#### [Data records]
"""

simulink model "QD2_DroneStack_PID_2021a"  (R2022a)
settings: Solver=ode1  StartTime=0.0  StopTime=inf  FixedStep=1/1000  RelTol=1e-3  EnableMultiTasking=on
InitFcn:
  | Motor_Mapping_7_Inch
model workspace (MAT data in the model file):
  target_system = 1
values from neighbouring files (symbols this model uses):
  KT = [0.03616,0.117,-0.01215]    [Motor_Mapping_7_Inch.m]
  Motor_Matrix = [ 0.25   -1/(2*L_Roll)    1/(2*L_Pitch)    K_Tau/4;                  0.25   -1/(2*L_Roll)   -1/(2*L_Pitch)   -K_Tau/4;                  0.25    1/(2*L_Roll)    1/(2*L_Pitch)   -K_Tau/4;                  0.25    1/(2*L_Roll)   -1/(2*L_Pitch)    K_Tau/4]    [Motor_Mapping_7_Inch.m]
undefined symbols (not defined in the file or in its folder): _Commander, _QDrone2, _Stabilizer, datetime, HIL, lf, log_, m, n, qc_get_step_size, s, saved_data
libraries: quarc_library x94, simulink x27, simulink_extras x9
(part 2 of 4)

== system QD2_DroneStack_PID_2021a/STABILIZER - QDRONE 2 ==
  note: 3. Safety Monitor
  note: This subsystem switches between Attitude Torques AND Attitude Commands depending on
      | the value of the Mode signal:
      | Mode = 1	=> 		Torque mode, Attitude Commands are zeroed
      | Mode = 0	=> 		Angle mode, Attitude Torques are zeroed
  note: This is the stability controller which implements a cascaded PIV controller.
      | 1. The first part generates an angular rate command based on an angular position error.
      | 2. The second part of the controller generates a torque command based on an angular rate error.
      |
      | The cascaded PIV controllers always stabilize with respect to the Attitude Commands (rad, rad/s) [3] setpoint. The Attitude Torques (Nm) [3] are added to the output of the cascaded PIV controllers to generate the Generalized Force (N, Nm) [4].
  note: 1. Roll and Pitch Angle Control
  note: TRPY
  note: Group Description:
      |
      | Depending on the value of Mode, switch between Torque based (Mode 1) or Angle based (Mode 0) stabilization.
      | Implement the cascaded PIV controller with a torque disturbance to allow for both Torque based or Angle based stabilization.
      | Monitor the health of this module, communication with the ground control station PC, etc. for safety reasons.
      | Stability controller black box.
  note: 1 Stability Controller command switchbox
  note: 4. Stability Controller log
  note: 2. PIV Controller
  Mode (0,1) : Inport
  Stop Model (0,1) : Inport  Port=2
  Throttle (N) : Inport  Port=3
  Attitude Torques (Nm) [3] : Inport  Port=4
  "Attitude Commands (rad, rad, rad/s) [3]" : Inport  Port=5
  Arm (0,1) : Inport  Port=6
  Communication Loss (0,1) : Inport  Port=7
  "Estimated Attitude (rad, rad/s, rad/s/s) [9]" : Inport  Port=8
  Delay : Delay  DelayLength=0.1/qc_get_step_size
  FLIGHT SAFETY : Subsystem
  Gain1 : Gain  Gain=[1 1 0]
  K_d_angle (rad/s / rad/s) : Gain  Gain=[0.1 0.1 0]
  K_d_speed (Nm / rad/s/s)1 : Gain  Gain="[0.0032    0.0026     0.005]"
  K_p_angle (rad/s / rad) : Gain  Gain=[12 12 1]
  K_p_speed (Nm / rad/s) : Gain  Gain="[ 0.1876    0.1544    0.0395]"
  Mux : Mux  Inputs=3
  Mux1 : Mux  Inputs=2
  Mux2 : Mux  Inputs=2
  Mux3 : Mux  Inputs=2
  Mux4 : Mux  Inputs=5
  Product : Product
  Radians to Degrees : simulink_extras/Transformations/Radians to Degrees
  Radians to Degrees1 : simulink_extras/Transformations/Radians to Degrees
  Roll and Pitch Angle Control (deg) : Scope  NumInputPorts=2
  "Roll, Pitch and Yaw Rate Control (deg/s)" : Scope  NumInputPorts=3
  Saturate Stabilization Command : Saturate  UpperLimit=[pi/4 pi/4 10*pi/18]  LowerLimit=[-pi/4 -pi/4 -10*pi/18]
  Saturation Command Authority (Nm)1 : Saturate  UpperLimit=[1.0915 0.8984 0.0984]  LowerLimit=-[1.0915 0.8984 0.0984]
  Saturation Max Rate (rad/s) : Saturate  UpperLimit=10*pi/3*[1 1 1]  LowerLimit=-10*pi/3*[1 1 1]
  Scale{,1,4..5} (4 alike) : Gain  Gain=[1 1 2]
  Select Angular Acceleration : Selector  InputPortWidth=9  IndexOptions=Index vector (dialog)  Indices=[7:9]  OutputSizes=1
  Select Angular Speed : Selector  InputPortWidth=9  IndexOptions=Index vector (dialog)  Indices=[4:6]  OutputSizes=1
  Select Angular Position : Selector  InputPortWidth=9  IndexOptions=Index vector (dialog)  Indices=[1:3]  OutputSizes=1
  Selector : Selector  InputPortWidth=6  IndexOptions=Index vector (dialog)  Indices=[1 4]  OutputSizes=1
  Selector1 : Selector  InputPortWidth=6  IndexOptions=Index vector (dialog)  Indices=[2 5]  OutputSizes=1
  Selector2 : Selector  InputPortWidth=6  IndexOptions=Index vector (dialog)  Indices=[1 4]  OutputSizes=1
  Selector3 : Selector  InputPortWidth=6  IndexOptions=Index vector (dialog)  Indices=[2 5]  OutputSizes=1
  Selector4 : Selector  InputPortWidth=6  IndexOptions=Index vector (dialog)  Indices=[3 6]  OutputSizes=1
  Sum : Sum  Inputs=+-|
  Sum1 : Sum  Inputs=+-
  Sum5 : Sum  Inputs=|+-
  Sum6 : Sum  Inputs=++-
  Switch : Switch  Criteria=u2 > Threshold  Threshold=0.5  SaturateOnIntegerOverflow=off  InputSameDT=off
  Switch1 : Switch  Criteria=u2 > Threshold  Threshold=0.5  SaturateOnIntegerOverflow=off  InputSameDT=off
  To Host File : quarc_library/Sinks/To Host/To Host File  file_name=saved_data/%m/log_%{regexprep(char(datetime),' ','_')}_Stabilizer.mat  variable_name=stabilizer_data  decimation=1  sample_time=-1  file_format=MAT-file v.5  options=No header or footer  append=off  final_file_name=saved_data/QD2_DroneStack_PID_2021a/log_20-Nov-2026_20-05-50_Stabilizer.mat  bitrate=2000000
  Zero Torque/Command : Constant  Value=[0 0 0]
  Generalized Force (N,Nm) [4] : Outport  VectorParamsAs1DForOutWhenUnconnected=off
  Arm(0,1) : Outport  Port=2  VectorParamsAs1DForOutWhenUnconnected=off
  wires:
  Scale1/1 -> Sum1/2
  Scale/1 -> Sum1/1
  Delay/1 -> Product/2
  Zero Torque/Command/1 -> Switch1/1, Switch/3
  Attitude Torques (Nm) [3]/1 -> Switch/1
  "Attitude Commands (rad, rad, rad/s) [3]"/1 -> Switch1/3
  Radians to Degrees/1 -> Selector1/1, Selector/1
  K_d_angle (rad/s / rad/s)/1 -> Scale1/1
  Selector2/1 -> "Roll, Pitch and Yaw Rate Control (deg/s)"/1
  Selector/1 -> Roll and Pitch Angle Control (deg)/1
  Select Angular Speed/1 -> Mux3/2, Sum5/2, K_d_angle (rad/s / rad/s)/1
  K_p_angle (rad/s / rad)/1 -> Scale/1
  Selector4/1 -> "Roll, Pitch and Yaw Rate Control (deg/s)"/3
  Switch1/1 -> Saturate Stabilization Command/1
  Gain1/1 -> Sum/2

"""

#### [Exercise]
Considering each line of the records on its own, count those that contain "Torques" and give only that number.

#### [Written reply]
5